■ What the exercise asks:
Beneath this instruction is a block of data; output from it exactly the lines that run from the one containing "#65=CIRCLE('',#64,3.);" through the one containing "#131=FACE_BOUND('',#130,.T.);", inclusive.

(Records excerpted from a collection)
=== Begin Enclosure ===
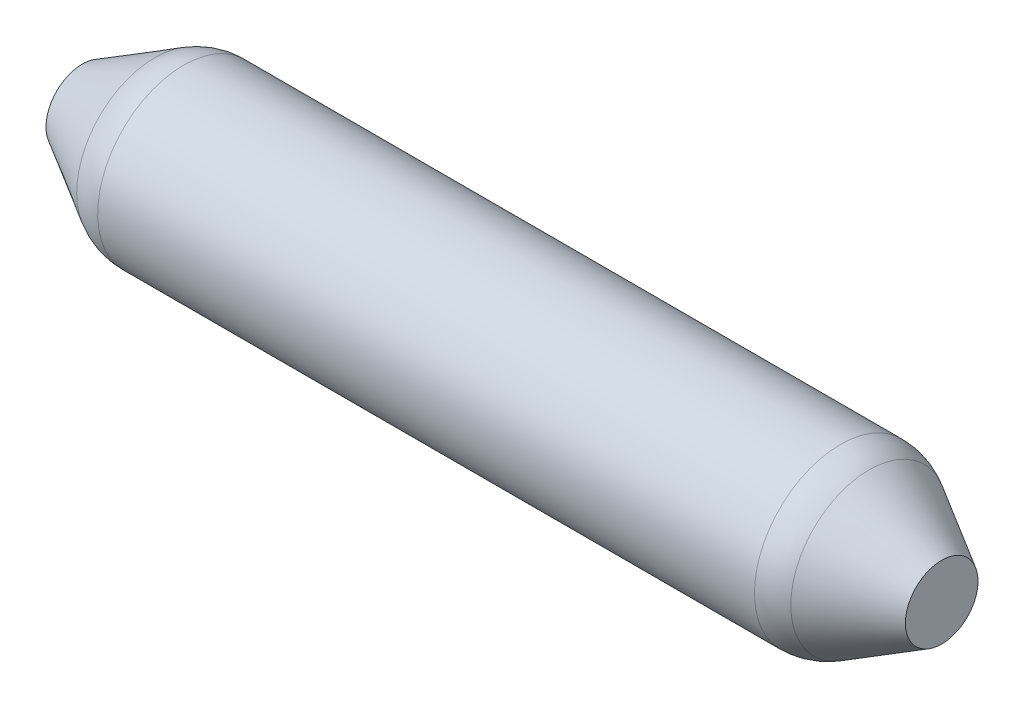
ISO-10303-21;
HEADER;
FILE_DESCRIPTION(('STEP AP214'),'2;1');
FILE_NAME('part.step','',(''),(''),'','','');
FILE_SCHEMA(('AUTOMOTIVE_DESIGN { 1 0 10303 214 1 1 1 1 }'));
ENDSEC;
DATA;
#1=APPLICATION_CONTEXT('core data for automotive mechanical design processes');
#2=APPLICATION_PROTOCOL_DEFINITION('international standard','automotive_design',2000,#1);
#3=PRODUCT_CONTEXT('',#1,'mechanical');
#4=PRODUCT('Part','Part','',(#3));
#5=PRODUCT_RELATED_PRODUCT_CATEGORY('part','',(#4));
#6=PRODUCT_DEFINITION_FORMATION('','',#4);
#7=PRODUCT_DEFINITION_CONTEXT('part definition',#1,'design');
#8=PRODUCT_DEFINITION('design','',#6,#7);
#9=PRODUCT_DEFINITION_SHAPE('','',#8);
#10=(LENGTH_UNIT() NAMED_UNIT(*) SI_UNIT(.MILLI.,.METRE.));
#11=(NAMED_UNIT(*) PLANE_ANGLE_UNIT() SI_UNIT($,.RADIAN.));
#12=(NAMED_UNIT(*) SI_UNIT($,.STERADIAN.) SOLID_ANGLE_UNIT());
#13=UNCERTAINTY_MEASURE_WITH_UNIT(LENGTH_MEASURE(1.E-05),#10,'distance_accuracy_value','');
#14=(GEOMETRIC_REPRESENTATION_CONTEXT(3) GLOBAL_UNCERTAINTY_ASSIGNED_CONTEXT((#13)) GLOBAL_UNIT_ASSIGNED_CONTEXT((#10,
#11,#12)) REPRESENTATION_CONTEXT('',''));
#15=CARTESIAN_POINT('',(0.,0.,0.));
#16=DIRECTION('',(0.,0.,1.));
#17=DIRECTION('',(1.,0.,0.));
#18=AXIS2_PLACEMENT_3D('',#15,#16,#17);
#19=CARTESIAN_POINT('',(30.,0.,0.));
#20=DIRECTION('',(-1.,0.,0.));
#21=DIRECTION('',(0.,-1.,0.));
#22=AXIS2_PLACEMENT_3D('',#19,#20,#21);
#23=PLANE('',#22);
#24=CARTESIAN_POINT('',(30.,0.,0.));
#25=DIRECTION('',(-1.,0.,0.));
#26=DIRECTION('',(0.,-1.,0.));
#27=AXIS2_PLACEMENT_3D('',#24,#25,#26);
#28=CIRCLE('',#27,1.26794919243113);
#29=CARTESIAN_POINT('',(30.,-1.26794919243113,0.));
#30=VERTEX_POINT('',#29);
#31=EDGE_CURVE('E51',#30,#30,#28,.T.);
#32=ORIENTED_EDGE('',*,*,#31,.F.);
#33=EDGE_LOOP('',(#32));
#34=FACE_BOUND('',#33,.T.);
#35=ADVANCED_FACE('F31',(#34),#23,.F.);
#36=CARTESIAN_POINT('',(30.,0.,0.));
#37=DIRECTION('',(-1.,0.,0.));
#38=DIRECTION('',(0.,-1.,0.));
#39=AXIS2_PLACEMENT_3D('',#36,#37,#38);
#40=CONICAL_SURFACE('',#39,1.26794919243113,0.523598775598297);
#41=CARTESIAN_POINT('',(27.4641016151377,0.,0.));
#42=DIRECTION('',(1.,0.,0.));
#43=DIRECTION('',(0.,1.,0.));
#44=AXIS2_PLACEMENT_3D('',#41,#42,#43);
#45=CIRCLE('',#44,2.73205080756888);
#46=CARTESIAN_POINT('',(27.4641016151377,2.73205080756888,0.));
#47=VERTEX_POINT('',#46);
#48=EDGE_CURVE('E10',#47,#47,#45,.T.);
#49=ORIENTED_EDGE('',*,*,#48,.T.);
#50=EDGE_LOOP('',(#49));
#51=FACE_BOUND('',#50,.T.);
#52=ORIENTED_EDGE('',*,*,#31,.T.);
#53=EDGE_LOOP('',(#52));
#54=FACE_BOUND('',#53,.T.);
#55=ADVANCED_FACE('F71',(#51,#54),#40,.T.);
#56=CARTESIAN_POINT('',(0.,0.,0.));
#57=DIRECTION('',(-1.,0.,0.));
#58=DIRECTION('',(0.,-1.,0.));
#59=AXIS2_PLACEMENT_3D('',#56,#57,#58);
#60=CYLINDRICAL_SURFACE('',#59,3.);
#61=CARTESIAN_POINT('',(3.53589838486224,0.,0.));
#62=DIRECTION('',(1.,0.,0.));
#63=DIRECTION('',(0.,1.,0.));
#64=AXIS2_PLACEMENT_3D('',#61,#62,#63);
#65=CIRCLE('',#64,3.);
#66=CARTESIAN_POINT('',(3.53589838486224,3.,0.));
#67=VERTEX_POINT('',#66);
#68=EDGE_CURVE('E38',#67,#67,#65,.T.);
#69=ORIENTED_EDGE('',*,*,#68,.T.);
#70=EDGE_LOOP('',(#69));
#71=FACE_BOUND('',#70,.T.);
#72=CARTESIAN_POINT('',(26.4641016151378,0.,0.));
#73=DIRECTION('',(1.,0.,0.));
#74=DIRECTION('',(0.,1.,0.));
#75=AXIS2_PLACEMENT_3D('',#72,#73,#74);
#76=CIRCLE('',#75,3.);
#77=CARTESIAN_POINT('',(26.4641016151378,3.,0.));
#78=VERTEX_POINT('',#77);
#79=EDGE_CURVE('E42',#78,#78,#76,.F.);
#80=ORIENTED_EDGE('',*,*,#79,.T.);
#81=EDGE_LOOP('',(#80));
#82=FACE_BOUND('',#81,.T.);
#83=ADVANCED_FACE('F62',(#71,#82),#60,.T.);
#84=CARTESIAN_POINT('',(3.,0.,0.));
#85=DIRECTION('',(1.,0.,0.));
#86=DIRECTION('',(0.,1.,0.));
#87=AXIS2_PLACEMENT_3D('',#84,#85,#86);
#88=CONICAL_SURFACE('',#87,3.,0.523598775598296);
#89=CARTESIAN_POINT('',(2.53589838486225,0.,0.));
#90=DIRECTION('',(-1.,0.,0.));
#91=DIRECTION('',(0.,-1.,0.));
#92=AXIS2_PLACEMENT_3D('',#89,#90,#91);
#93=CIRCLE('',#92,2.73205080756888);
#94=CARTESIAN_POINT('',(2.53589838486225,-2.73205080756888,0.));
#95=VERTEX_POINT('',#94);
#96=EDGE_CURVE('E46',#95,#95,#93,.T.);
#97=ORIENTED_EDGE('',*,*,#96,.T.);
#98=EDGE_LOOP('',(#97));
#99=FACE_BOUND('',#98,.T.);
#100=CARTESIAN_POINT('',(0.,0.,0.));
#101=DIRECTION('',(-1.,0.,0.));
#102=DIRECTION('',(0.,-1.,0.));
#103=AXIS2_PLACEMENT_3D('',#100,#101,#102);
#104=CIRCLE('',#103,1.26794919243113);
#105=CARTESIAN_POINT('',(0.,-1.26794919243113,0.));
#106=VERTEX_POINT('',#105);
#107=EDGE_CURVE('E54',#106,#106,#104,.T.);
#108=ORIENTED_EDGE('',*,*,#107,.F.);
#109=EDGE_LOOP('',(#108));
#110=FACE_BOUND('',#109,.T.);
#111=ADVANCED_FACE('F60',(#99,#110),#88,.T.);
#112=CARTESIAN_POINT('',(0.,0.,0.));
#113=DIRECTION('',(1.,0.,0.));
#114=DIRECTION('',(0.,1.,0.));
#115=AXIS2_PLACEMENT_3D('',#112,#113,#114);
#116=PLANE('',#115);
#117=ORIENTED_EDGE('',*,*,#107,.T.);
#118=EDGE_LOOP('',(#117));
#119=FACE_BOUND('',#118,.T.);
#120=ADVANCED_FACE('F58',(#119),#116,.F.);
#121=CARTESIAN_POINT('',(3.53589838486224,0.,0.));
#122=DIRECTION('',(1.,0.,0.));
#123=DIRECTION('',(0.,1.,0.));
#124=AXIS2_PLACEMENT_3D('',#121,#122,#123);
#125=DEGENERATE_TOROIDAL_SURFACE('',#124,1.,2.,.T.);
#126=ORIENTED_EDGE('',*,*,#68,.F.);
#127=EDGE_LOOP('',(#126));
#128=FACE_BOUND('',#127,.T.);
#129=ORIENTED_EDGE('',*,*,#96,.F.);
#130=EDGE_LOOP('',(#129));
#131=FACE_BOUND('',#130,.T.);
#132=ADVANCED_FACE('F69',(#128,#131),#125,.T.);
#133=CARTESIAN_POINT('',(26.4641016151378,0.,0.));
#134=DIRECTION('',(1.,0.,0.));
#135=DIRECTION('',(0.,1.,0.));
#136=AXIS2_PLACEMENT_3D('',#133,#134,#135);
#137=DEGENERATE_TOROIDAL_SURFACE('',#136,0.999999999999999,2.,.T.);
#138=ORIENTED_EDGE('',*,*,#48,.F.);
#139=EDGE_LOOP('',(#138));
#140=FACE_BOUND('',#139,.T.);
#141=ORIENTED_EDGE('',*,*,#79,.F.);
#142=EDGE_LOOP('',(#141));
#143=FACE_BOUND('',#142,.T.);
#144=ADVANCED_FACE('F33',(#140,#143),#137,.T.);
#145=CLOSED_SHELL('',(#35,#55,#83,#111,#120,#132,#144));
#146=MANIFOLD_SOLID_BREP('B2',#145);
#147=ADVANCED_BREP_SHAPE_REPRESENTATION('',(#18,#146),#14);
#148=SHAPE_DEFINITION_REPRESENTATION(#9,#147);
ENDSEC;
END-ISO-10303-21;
=== End Enclosure ===
■ Response to this exercise:
#65=CIRCLE('',#64,3.);
#66=CARTESIAN_POINT('',(3.53589838486224,3.,0.));
#67=VERTEX_POINT('',#66);
#68=EDGE_CURVE('E38',#67,#67,#65,.T.);
#69=ORIENTED_EDGE('',*,*,#68,.T.);
#70=EDGE_LOOP('',(#69));
#71=FACE_BOUND('',#70,.T.);
#72=CARTESIAN_POINT('',(26.4641016151378,0.,0.));
#73=DIRECTION('',(1.,0.,0.));
#74=DIRECTION('',(0.,1.,0.));
#75=AXIS2_PLACEMENT_3D('',#72,#73,#74);
#76=CIRCLE('',#75,3.);
#77=CARTESIAN_POINT('',(26.4641016151378,3.,0.));
#78=VERTEX_POINT('',#77);
#79=EDGE_CURVE('E42',#78,#78,#76,.F.);
#80=ORIENTED_EDGE('',*,*,#79,.T.);
#81=EDGE_LOOP('',(#80));
#82=FACE_BOUND('',#81,.T.);
#83=ADVANCED_FACE('F62',(#71,#82),#60,.T.);
#84=CARTESIAN_POINT('',(3.,0.,0.));
#85=DIRECTION('',(1.,0.,0.));
#86=DIRECTION('',(0.,1.,0.));
#87=AXIS2_PLACEMENT_3D('',#84,#85,#86);
#88=CONICAL_SURFACE('',#87,3.,0.523598775598296);
#89=CARTESIAN_POINT('',(2.53589838486225,0.,0.));
#90=DIRECTION('',(-1.,0.,0.));
#91=DIRECTION('',(0.,-1.,0.));
#92=AXIS2_PLACEMENT_3D('',#89,#90,#91);
#93=CIRCLE('',#92,2.73205080756888);
#94=CARTESIAN_POINT('',(2.53589838486225,-2.73205080756888,0.));
#95=VERTEX_POINT('',#94);
#96=EDGE_CURVE('E46',#95,#95,#93,.T.);
#97=ORIENTED_EDGE('',*,*,#96,.T.);
#98=EDGE_LOOP('',(#97));
#99=FACE_BOUND('',#98,.T.);
#100=CARTESIAN_POINT('',(0.,0.,0.));
#101=DIRECTION('',(-1.,0.,0.));
#102=DIRECTION('',(0.,-1.,0.));
#103=AXIS2_PLACEMENT_3D('',#100,#101,#102);
#104=CIRCLE('',#103,1.26794919243113);
#105=CARTESIAN_POINT('',(0.,-1.26794919243113,0.));
#106=VERTEX_POINT('',#105);
#107=EDGE_CURVE('E54',#106,#106,#104,.T.);
#108=ORIENTED_EDGE('',*,*,#107,.F.);
#109=EDGE_LOOP('',(#108));
#110=FACE_BOUND('',#109,.T.);
#111=ADVANCED_FACE('F60',(#99,#110),#88,.T.);
#112=CARTESIAN_POINT('',(0.,0.,0.));
#113=DIRECTION('',(1.,0.,0.));
#114=DIRECTION('',(0.,1.,0.));
#115=AXIS2_PLACEMENT_3D('',#112,#113,#114);
#116=PLANE('',#115);
#117=ORIENTED_EDGE('',*,*,#107,.T.);
#118=EDGE_LOOP('',(#117));
#119=FACE_BOUND('',#118,.T.);
#120=ADVANCED_FACE('F58',(#119),#116,.F.);
#121=CARTESIAN_POINT('',(3.53589838486224,0.,0.));
#122=DIRECTION('',(1.,0.,0.));
#123=DIRECTION('',(0.,1.,0.));
#124=AXIS2_PLACEMENT_3D('',#121,#122,#123);
#125=DEGENERATE_TOROIDAL_SURFACE('',#124,1.,2.,.T.);
#126=ORIENTED_EDGE('',*,*,#68,.F.);
#127=EDGE_LOOP('',(#126));
#128=FACE_BOUND('',#127,.T.);
#129=ORIENTED_EDGE('',*,*,#96,.F.);
#130=EDGE_LOOP('',(#129));
#131=FACE_BOUND('',#130,.T.);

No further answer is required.